Nevertheless, the media in Nigeria must be grateful that Premium Times baited the police and helped to expose their dilatoriness, not to say their incompetence and lack of professionalism. When the smoke of battle clears, the media are likely to embark on rigorous self-examination to help them determine whether in the circumstances and chronology of events surrounding the IGP’s interim report on the DSS invasion of the National Assembly, the news reports and journalistic investigations, complete with evidence of bromides of official letters, were well handled.

Given their customary haughtiness and lack of vision, the police are unlikely to embark on that beneficial and extraordinary self-scrutiny.

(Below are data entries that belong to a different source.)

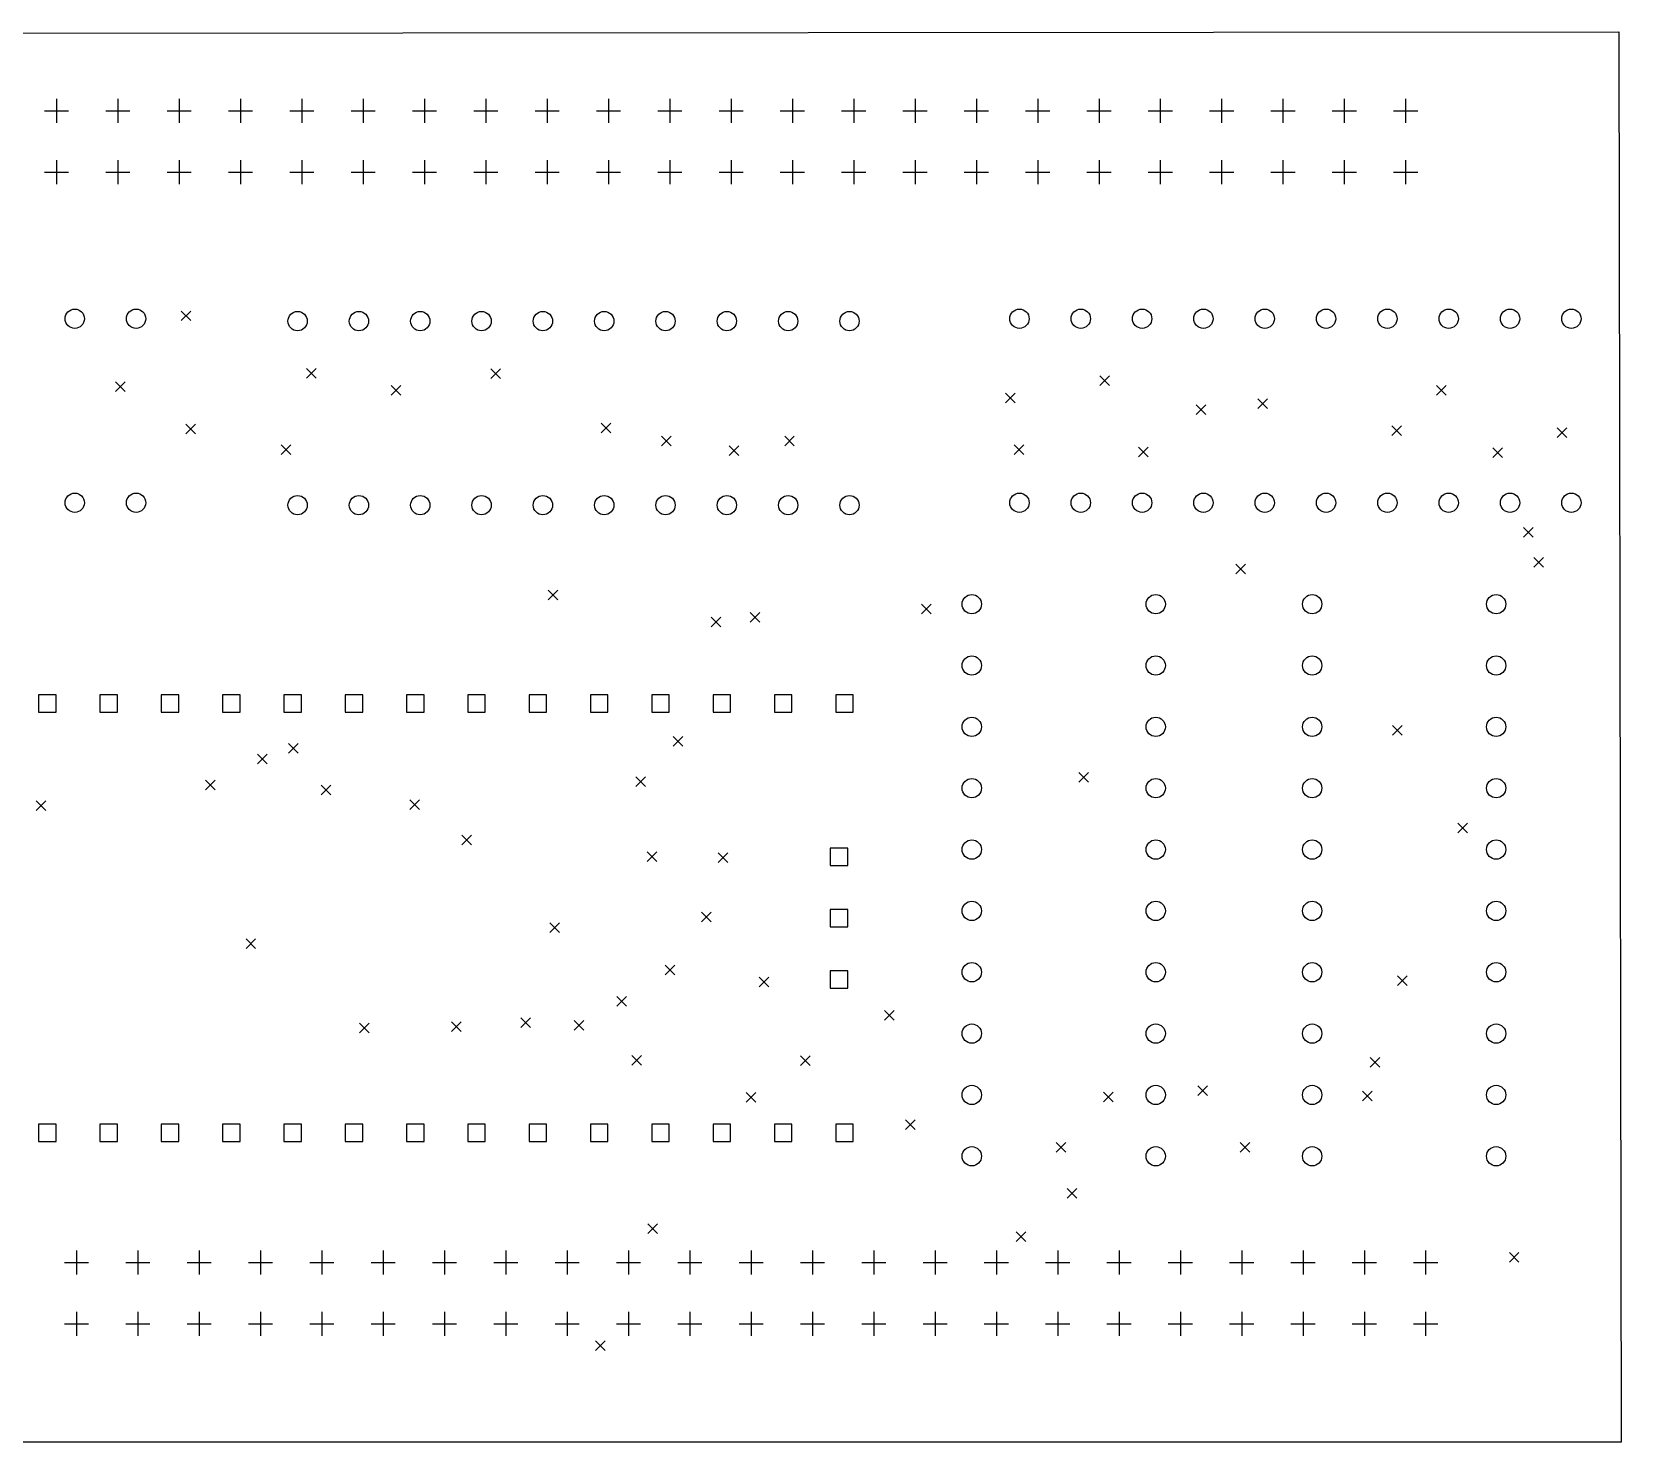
# Model space of a CAD drawing. Extents: x 79 to 212, y -156 to -79.
# Drawn here: x 146.6 to 212.4, y -137.3 to -78.9 of the extents above; entities that cross this region are included whole.
import ezdxf

# ---------------------------------------------------------------- set-up
doc = ezdxf.new("R2010")
doc.units = 0
doc.layers.add('BLACK', color=7, linetype='CONTINUOUS')

msp = doc.modelspace()

# ---------------------------------------------------------------- linework, layer by layer
at = {"layer": 'BLACK', "linetype": 'CONTINUOUS'}
for p, q in [((80, -79), (212.3, -78.9)), ((212.3, -78.9), (212.4, -137.3)), ((147.09, -82.1725), (148.09, -82.1725)), ((147.59, -81.6725), (147.59, -82.6725)), ((149.63, -82.1725), (150.63, -82.1725)), ((150.13, -81.6725), (150.13, -82.6725)), ((152.17, -82.1725), (153.17, -82.1725)), ((152.67, -81.6725), (152.67, -82.6725)), ((154.71, -82.1725), (155.71, -82.1725)), ((155.21, -81.6725), (155.21, -82.6725)), ((157.25, -82.1725), (158.25, -82.1725)), ((157.75, -81.6725), (157.75, -82.6725)), ((159.79, -82.1725), (160.79, -82.1725)), ((160.29, -81.6725), (160.29, -82.6725)), ((162.33, -82.1725), (163.33, -82.1725)), ((162.83, -81.6725), (162.83, -82.6725)), ((164.87, -82.1725), (165.87, -82.1725)), ((165.37, -81.6725), (165.37, -82.6725)), ((167.41, -82.1725), (168.41, -82.1725)), ((167.91, -81.6725), (167.91, -82.6725)), ((169.95, -82.1725), (170.95, -82.1725)), ((170.45, -81.6725), (170.45, -82.6725)), ((172.49, -82.1725), (173.49, -82.1725)), ((172.99, -81.6725), (172.99, -82.6725)), ((175.03, -82.1725), (176.03, -82.1725)), ((175.53, -81.6725), (175.53, -82.6725)), ((177.57, -82.1725), (178.57, -82.1725)), ((178.07, -81.6725), (178.07, -82.6725)), ((180.11, -82.1725), (181.11, -82.1725)), ((180.61, -81.6725), (180.61, -82.6725)), ((182.65, -82.1725), (183.65, -82.1725)), ((183.15, -81.6725), (183.15, -82.6725)), ((185.19, -82.1725), (186.19, -82.1725)), ((185.69, -81.6725), (185.69, -82.6725)), ((187.73, -82.1725), (188.73, -82.1725)), ((188.23, -81.6725), (188.23, -82.6725)), ((190.27, -82.1725), (191.27, -82.1725)), ((190.77, -81.6725), (190.77, -82.6725)), ((192.81, -82.1725), (193.81, -82.1725)), ((193.31, -81.6725), (193.31, -82.6725)), ((195.35, -82.1725), (196.35, -82.1725)), ((195.85, -81.6725), (195.85, -82.6725)), ((197.89, -82.1725), (198.89, -82.1725)), ((198.39, -81.6725), (198.39, -82.6725)), ((200.43, -82.1725), (201.43, -82.1725)), ((200.93, -81.6725), (200.93, -82.6725)), ((202.97, -82.1725), (203.97, -82.1725)), ((203.47, -81.6725), (203.47, -82.6725)), ((147.59, -84.2125), (147.59, -85.2125)), ((150.13, -84.2125), (150.13, -85.2125)), ((152.67, -84.2125), (152.67, -85.2125)), ((155.21, -84.2125), (155.21, -85.2125)), ((157.75, -84.2125), (157.75, -85.2125)), ((160.29, -84.2125), (160.29, -85.2125)), ((162.83, -84.2125), (162.83, -85.2125)), ((165.37, -84.2125), (165.37, -85.2125)), ((167.91, -84.2125), (167.91, -85.2125)), ((170.45, -84.2125), (170.45, -85.2125)), ((172.99, -84.2125), (172.99, -85.2125)), ((175.53, -84.2125), (175.53, -85.2125)), ((178.07, -84.2125), (178.07, -85.2125)), ((180.61, -84.2125), (180.61, -85.2125)), ((183.15, -84.2125), (183.15, -85.2125)), ((185.69, -84.2125), (185.69, -85.2125)), ((188.23, -84.2125), (188.23, -85.2125)), ((190.77, -84.2125), (190.77, -85.2125)), ((193.31, -84.2125), (193.31, -85.2125)), ((195.85, -84.2125), (195.85, -85.2125)), ((198.39, -84.2125), (198.39, -85.2125)), ((200.93, -84.2125), (200.93, -85.2125)), ((203.47, -84.2125), (203.47, -85.2125)), ((147.09, -84.7125), (148.09, -84.7125)), ((149.63, -84.7125), (150.63, -84.7125)), ((152.17, -84.7125), (153.17, -84.7125)), ((154.71, -84.7125), (155.71, -84.7125)), ((157.25, -84.7125), (158.25, -84.7125)), ((159.79, -84.7125), (160.79, -84.7125)), ((162.33, -84.7125), (163.33, -84.7125)), ((164.87, -84.7125), (165.87, -84.7125)), ((167.41, -84.7125), (168.41, -84.7125)), ((169.95, -84.7125), (170.95, -84.7125)), ((172.49, -84.7125), (173.49, -84.7125)), ((175.03, -84.7125), (176.03, -84.7125)), ((177.57, -84.7125), (178.57, -84.7125)), ((180.11, -84.7125), (181.11, -84.7125)), ((182.65, -84.7125), (183.65, -84.7125)), ((185.19, -84.7125), (186.19, -84.7125)), ((187.73, -84.7125), (188.73, -84.7125)), ((190.27, -84.7125), (191.27, -84.7125)), ((192.81, -84.7125), (193.81, -84.7125)), ((195.35, -84.7125), (196.35, -84.7125)), ((197.89, -84.7125), (198.89, -84.7125)), ((200.43, -84.7125), (201.43, -84.7125)), ((202.97, -84.7125), (203.97, -84.7125)), ((152.753, -90.4609), (153.153, -90.8609)), ((153.153, -90.4609), (152.753, -90.8609)), ((150.032, -93.3971), (150.432, -93.7971)), ((150.432, -93.3971), (150.032, -93.7971)), ((157.95, -92.8461), (158.35, -93.2461)), ((158.35, -92.8461), (157.95, -93.2461)), ((165.575, -92.852), (165.975, -93.252)), ((165.975, -92.852), (165.575, -93.252)), ((190.8, -93.15), (191.2, -93.55)), ((191.2, -93.15), (190.8, -93.55)), ((161.45, -93.55), (161.85, -93.95)), ((161.85, -93.55), (161.45, -93.95)), ((186.893, -93.8665), (187.293, -94.2665)), ((187.293, -93.8665), (186.893, -94.2665)), ((197.35, -94.1), (197.75, -94.5)), ((197.75, -94.1), (197.35, -94.5)), ((204.75, -93.55), (205.15, -93.95)), ((205.15, -93.55), (204.75, -93.95)), ((194.8, -94.35), (195.2, -94.75)), ((195.2, -94.35), (194.8, -94.75)), ((152.95, -95.15), (153.35, -95.55)), ((153.35, -95.15), (152.95, -95.55)), ((170.15, -95.1), (170.55, -95.5)), ((170.55, -95.1), (170.15, -95.5)), ((202.899, -95.2211), (203.299, -95.6211)), ((203.299, -95.2211), (202.899, -95.6211)), ((209.75, -95.3), (210.15, -95.7)), ((210.15, -95.3), (209.75, -95.7)), ((156.9, -96), (157.3, -96.4)), ((157.3, -96), (156.9, -96.4)), ((172.65, -95.65), (173.05, -96.05)), ((173.05, -95.65), (172.65, -96.05)), ((175.45, -96.05), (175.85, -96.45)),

Even though Prof Osinbajo has understandably not taken far-reaching measures on SARS as an ailing subset of the police, he must be commended for broaching the topic and doing something about it, no matter how ephemeral, and regardless of the vacillations of the past. Given his law background, it is doubtful whether he does not appreciate that it will take more than a directive and a few suggestions to get the police performing its role in accordance with the rule of law and the constitution. He must know that very fundamental measures are required to birth a new and effective Police Force.

The presidency of which he is a ranking member has done little to midwife the change required in that law enforcement sector. After all, the long-standing complaints against SARS and the campaigns of the #EndSARS warriors that lasted for many months did not receive any serious attention until early this week, probably against the run of play.

Worse, who can forget that the police themselves feigned ignorance of the issues advocated by critics of SARS, even as they attempted to blackmail the public for demanding an end to the high-handedness and arbitrariness of the police and the anti-robbery squad? Hopefully both Prof Osinbajo’s directive and the desultory response of the IGP will constitute the first tentative steps in getting an elected government to respond appropriately and sensibly to the yearnings and aspirations of those who voted them into office.